Cette enquête menée au Québec auprès de 6 261 adultes, du 4 au 14 septembre 2020, rapporte qu’un adulte sur cinq aurait eu des symptômes compatibles avec un trouble d'anxiété généralisée ou une dépression majeure au cours des deux dernières semaines. À Montréal, un adulte sur 4 aurait eu des symptômes d'anxiété ou de dépression au cours de cette même période. Les jeunes adultes, les anglophones et le personnel de la santé sont parmi les plus affectés. Le personnel de la santé est plus à risque de ressentir l'impact psychosocial de la pandémie et les symptômes dépressifs sont particulièrement fréquents dans ce groupe. Les auteurs allèguent aussi que le sentiment de cohérence serait fortement lié à la santé psychologique en temps de pandémie.

Impact sur les pratiques professionnelles

  • Pierce, B. S., Perrin, P. B., Tyler, C. M., McKee, G. B., et Watson, J. D. (2020). The COVID-19 telepsychology revolution: A national study of pandemic-based changes in US mental health care delivery. American Psychologist. https://doi.org/10.1037/amp0000722

Dans cet article, on apprend que les psychologues effectuaient seulement 7 % de leur travail clinique en télépsychologie avant la pandémie. Or, ce chiffre est passé à 86 % pendant la pandémie avec 67 % des psychologues effectuant la totalité de leur travail clinique en télépsychologie. Une augmentation plus importante d’utilisation de la télépsychologie se serait produite chez les femmes, chez les psychologues ayant suivi davantage de formations en télépsychologie, chez les psychologues ayant bénéficié de politiques organisationnelles de soutien par rapport à la télépsychologie et chez les psychologues qui traitent les problèmes relationnels, dont l'anxiété.

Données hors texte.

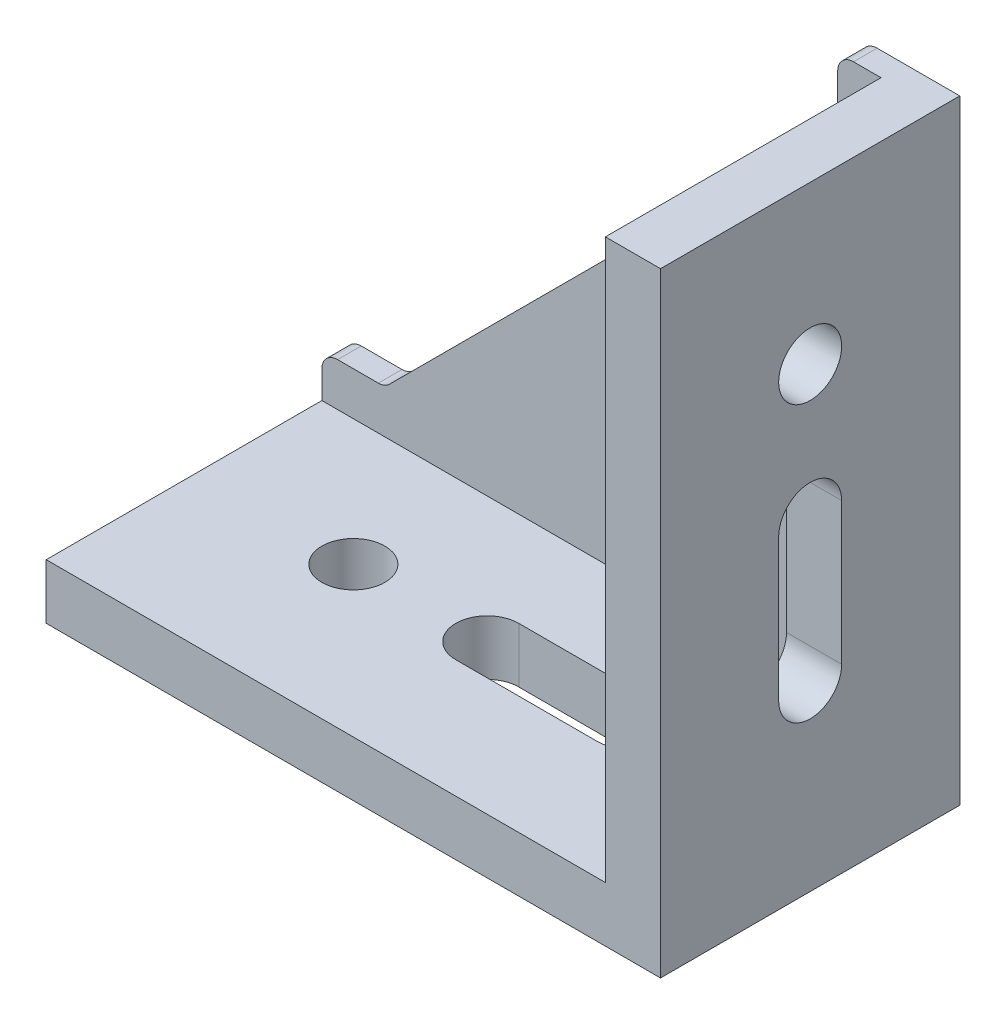
ISO-10303-21;
HEADER;
FILE_DESCRIPTION(('STEP AP214'),'2;1');
FILE_NAME('part.step','',(''),(''),'','','');
FILE_SCHEMA(('AUTOMOTIVE_DESIGN { 1 0 10303 214 1 1 1 1 }'));
ENDSEC;
DATA;
#1=APPLICATION_CONTEXT('core data for automotive mechanical design processes');
#2=APPLICATION_PROTOCOL_DEFINITION('international standard','automotive_design',2000,#1);
#3=PRODUCT_CONTEXT('',#1,'mechanical');
#4=PRODUCT('Part','Part','',(#3));
#5=PRODUCT_RELATED_PRODUCT_CATEGORY('part','',(#4));
#6=PRODUCT_DEFINITION_FORMATION('','',#4);
#7=PRODUCT_DEFINITION_CONTEXT('part definition',#1,'design');
#8=PRODUCT_DEFINITION('design','',#6,#7);
#9=PRODUCT_DEFINITION_SHAPE('','',#8);
#10=(LENGTH_UNIT() NAMED_UNIT(*) SI_UNIT(.MILLI.,.METRE.));
#11=(NAMED_UNIT(*) PLANE_ANGLE_UNIT() SI_UNIT($,.RADIAN.));
#12=(NAMED_UNIT(*) SI_UNIT($,.STERADIAN.) SOLID_ANGLE_UNIT());
#13=UNCERTAINTY_MEASURE_WITH_UNIT(LENGTH_MEASURE(1.E-05),#10,'distance_accuracy_value','');
#14=(GEOMETRIC_REPRESENTATION_CONTEXT(3) GLOBAL_UNCERTAINTY_ASSIGNED_CONTEXT((#13)) GLOBAL_UNIT_ASSIGNED_CONTEXT((#10,
#11,#12)) REPRESENTATION_CONTEXT('',''));
#15=CARTESIAN_POINT('',(0.,0.,0.));
#16=DIRECTION('',(0.,0.,1.));
#17=DIRECTION('',(1.,0.,0.));
#18=AXIS2_PLACEMENT_3D('',#15,#16,#17);
#19=CARTESIAN_POINT('',(0.,0.,35.));
#20=DIRECTION('',(1.,0.,0.));
#21=DIRECTION('',(0.,0.,-1.));
#22=AXIS2_PLACEMENT_3D('',#19,#20,#21);
#23=PLANE('',#22);
#24=DIRECTION('',(0.,1.,0.));
#25=VECTOR('',#24,1.);
#26=CARTESIAN_POINT('',(0.,12.5,0.));
#27=LINE('',#26,#25);
#28=CARTESIAN_POINT('',(0.,7.,0.));
#29=VERTEX_POINT('',#28);
#30=CARTESIAN_POINT('',(0.,10.5,0.));
#31=VERTEX_POINT('',#30);
#32=EDGE_CURVE('E292',#29,#31,#27,.T.);
#33=ORIENTED_EDGE('',*,*,#32,.T.);
#34=DIRECTION('',(0.,0.,1.));
#35=VECTOR('',#34,1.);
#36=CARTESIAN_POINT('',(0.,10.5,35.));
#37=LINE('',#36,#35);
#38=CARTESIAN_POINT('',(0.,10.5,-3.));
#39=VERTEX_POINT('',#38);
#40=EDGE_CURVE('E344',#31,#39,#37,.F.);
#41=ORIENTED_EDGE('',*,*,#40,.T.);
#42=DIRECTION('',(0.,1.,0.));
#43=VECTOR('',#42,1.);
#44=CARTESIAN_POINT('',(0.,12.5,-3.));
#45=LINE('',#44,#43);
#46=CARTESIAN_POINT('',(0.,0.,-3.));
#47=VERTEX_POINT('',#46);
#48=EDGE_CURVE('E280',#47,#39,#45,.T.);
#49=ORIENTED_EDGE('',*,*,#48,.F.);
#50=DIRECTION('',(0.,0.,-1.));
#51=VECTOR('',#50,1.);
#52=CARTESIAN_POINT('',(0.,0.,35.));
#53=LINE('',#52,#51);
#54=CARTESIAN_POINT('',(0.,0.,35.));
#55=VERTEX_POINT('',#54);
#56=EDGE_CURVE('E334',#55,#47,#53,.T.);
#57=ORIENTED_EDGE('',*,*,#56,.F.);
#58=DIRECTION('',(0.,-1.,0.));
#59=VECTOR('',#58,1.);
#60=CARTESIAN_POINT('',(0.,0.,35.));
#61=LINE('',#60,#59);
#62=CARTESIAN_POINT('',(0.,7.,35.));
#63=VERTEX_POINT('',#62);
#64=EDGE_CURVE('E302',#63,#55,#61,.T.);
#65=ORIENTED_EDGE('',*,*,#64,.F.);
#66=DIRECTION('',(0.,0.,-1.));
#67=VECTOR('',#66,1.);
#68=CARTESIAN_POINT('',(0.,7.,35.));
#69=LINE('',#68,#67);
#70=EDGE_CURVE('E316',#63,#29,#69,.T.);
#71=ORIENTED_EDGE('',*,*,#70,.T.);
#72=EDGE_LOOP('',(#33,#41,#49,#57,#65,#71));
#73=FACE_BOUND('',#72,.T.);
#74=ADVANCED_FACE('F37',(#73),#23,.F.);
#75=CARTESIAN_POINT('',(0.,0.,35.));
#76=DIRECTION('',(0.,1.,0.));
#77=DIRECTION('',(0.,0.,1.));
#78=AXIS2_PLACEMENT_3D('',#75,#76,#77);
#79=PLANE('',#78);
#80=CARTESIAN_POINT('',(20.,0.,16.));
#81=DIRECTION('',(0.,1.,0.));
#82=DIRECTION('',(0.,0.,1.));
#83=AXIS2_PLACEMENT_3D('',#80,#81,#82);
#84=CIRCLE('',#83,4.00000000000001);
#85=CARTESIAN_POINT('',(20.,0.,20.));
#86=VERTEX_POINT('',#85);
#87=EDGE_CURVE('E270',#86,#86,#84,.T.);
#88=ORIENTED_EDGE('',*,*,#87,.T.);
#89=EDGE_LOOP('',(#88));
#90=FACE_BOUND('',#89,.T.);
#91=DIRECTION('',(-1.,0.,0.));
#92=VECTOR('',#91,1.);
#93=CARTESIAN_POINT('',(37.,0.,12.));
#94=LINE('',#93,#92);
#95=CARTESIAN_POINT('',(55.,0.,12.));
#96=VERTEX_POINT('',#95);
#97=CARTESIAN_POINT('',(37.,0.,12.));
#98=VERTEX_POINT('',#97);
#99=EDGE_CURVE('E197',#96,#98,#94,.T.);
#100=ORIENTED_EDGE('',*,*,#99,.T.);
#101=CARTESIAN_POINT('',(37.,0.,16.));
#102=DIRECTION('',(0.,1.,0.));
#103=DIRECTION('',(0.,0.,1.));
#104=AXIS2_PLACEMENT_3D('',#101,#102,#103);
#105=CIRCLE('',#104,4.);
#106=CARTESIAN_POINT('',(37.,0.,20.));
#107=VERTEX_POINT('',#106);
#108=EDGE_CURVE('E189',#98,#107,#105,.T.);
#109=ORIENTED_EDGE('',*,*,#108,.T.);
#110=DIRECTION('',(1.,0.,0.));
#111=VECTOR('',#110,1.);
#112=CARTESIAN_POINT('',(37.,0.,20.));
#113=LINE('',#112,#111);
#114=CARTESIAN_POINT('',(55.,0.,20.));
#115=VERTEX_POINT('',#114);
#116=EDGE_CURVE('E201',#107,#115,#113,.T.);
#117=ORIENTED_EDGE('',*,*,#116,.T.);
#118=CARTESIAN_POINT('',(55.,0.,16.));
#119=DIRECTION('',(0.,1.,0.));
#120=DIRECTION('',(0.,0.,1.));
#121=AXIS2_PLACEMENT_3D('',#118,#119,#120);
#122=CIRCLE('',#121,4.);
#123=EDGE_CURVE('E205',#115,#96,#122,.T.);
#124=ORIENTED_EDGE('',*,*,#123,.T.);
#125=EDGE_LOOP('',(#100,#109,#117,#124));
#126=FACE_BOUND('',#125,.T.);
#127=ORIENTED_EDGE('',*,*,#56,.T.);
#128=DIRECTION('',(-1.,0.,0.));
#129=VECTOR('',#128,1.);
#130=CARTESIAN_POINT('',(78.,0.,-3.));
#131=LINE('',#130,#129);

  • Gicas, K. M., Paterson, T. S. E., Narvaez Linares, N. F., & Loken Thornton, W. J. (2020). Clinical psychological assessment training issues in the COVID-19 era: A survey of the state of the field and considerations for moving forward. Canadian Psychology/Psychologie canadienne. Advance online publication. http://dx.doi.org/10.1037/cap0000258

Les résultats de cette enquête traitent des problèmes de formation à l'évaluation clinique en période de pandémie. Ils fournissent un aperçu de l'état de la situation et certaines considérations afin d’aller de l'avant alors que les psychologues adaptent leurs activités. Les manques de financement, de matériel numérique et de connaissance des méthodes d'évaluation virtuelle se révèlent être des lacunes notables dans le contexte. Les auteurs soulignent également l’existence de problèmes éthiques liés aux normes de formation professionnelle et l’importance de s’attarder aux questions de formation professionnelle dans les mois à venir.

  • Madigan, S., Racine, N., Cooke, J. E., & Korczak, D. J. (2020). COVID-19 and telemental health: Benefits, challenges, and future directions. Canadian Psychology/Psychologie canadienne. Advance online publication. http://dx.doi.org/10.1037/cap0000259

Depuis le début de la pandémie, les troubles de santé mentale ont augmenté, ainsi que la demande de ressources et de services. Cet article présente les avantages et les défis de la télépsychologie comme option de prestation de service. Plusieurs éléments à considérer sur le plan clinique sont identifiés, tels que les clientèles susceptibles de bénéficier de la télépratique et celles, plus vulnérables, pour qui cette option ne serait pas toujours convenable. À cet effet, les auteurs soulignent l’importance de procéder à une évaluation sérieuse des besoins du client avant de convenir d’une offre de service en télépratique.

Soutien à la recherche de l’OPQ

Plusieurs recherches sont actuellement en cours grâce au programme de soutien à la recherche de l’Ordre afin de documenter l’impact psychologique de la COVID-19 dans la population.

  • Avril 2020 : Recherche examinant les impacts psychologiques, sociaux et économiques d’une pandémie en émergence. Dre Rebecca Robillard, psychologue. Université d’Ottawa.

  • Mai 2020 : Recherche sur l’impact psychologique de la COVID-19 chez les intervenants en santé mentale. Dre Pascale Brillon, psychologue.

  • Juin 2020 : Enquête populationnelle intitulée « Ma vie et la pandémie au Québec (MAVIEPAN) ». Dr Simon Beaulieu-Bonneau, neuropsychologue et autres collaborateurs du réseau de la santé et des services sociaux.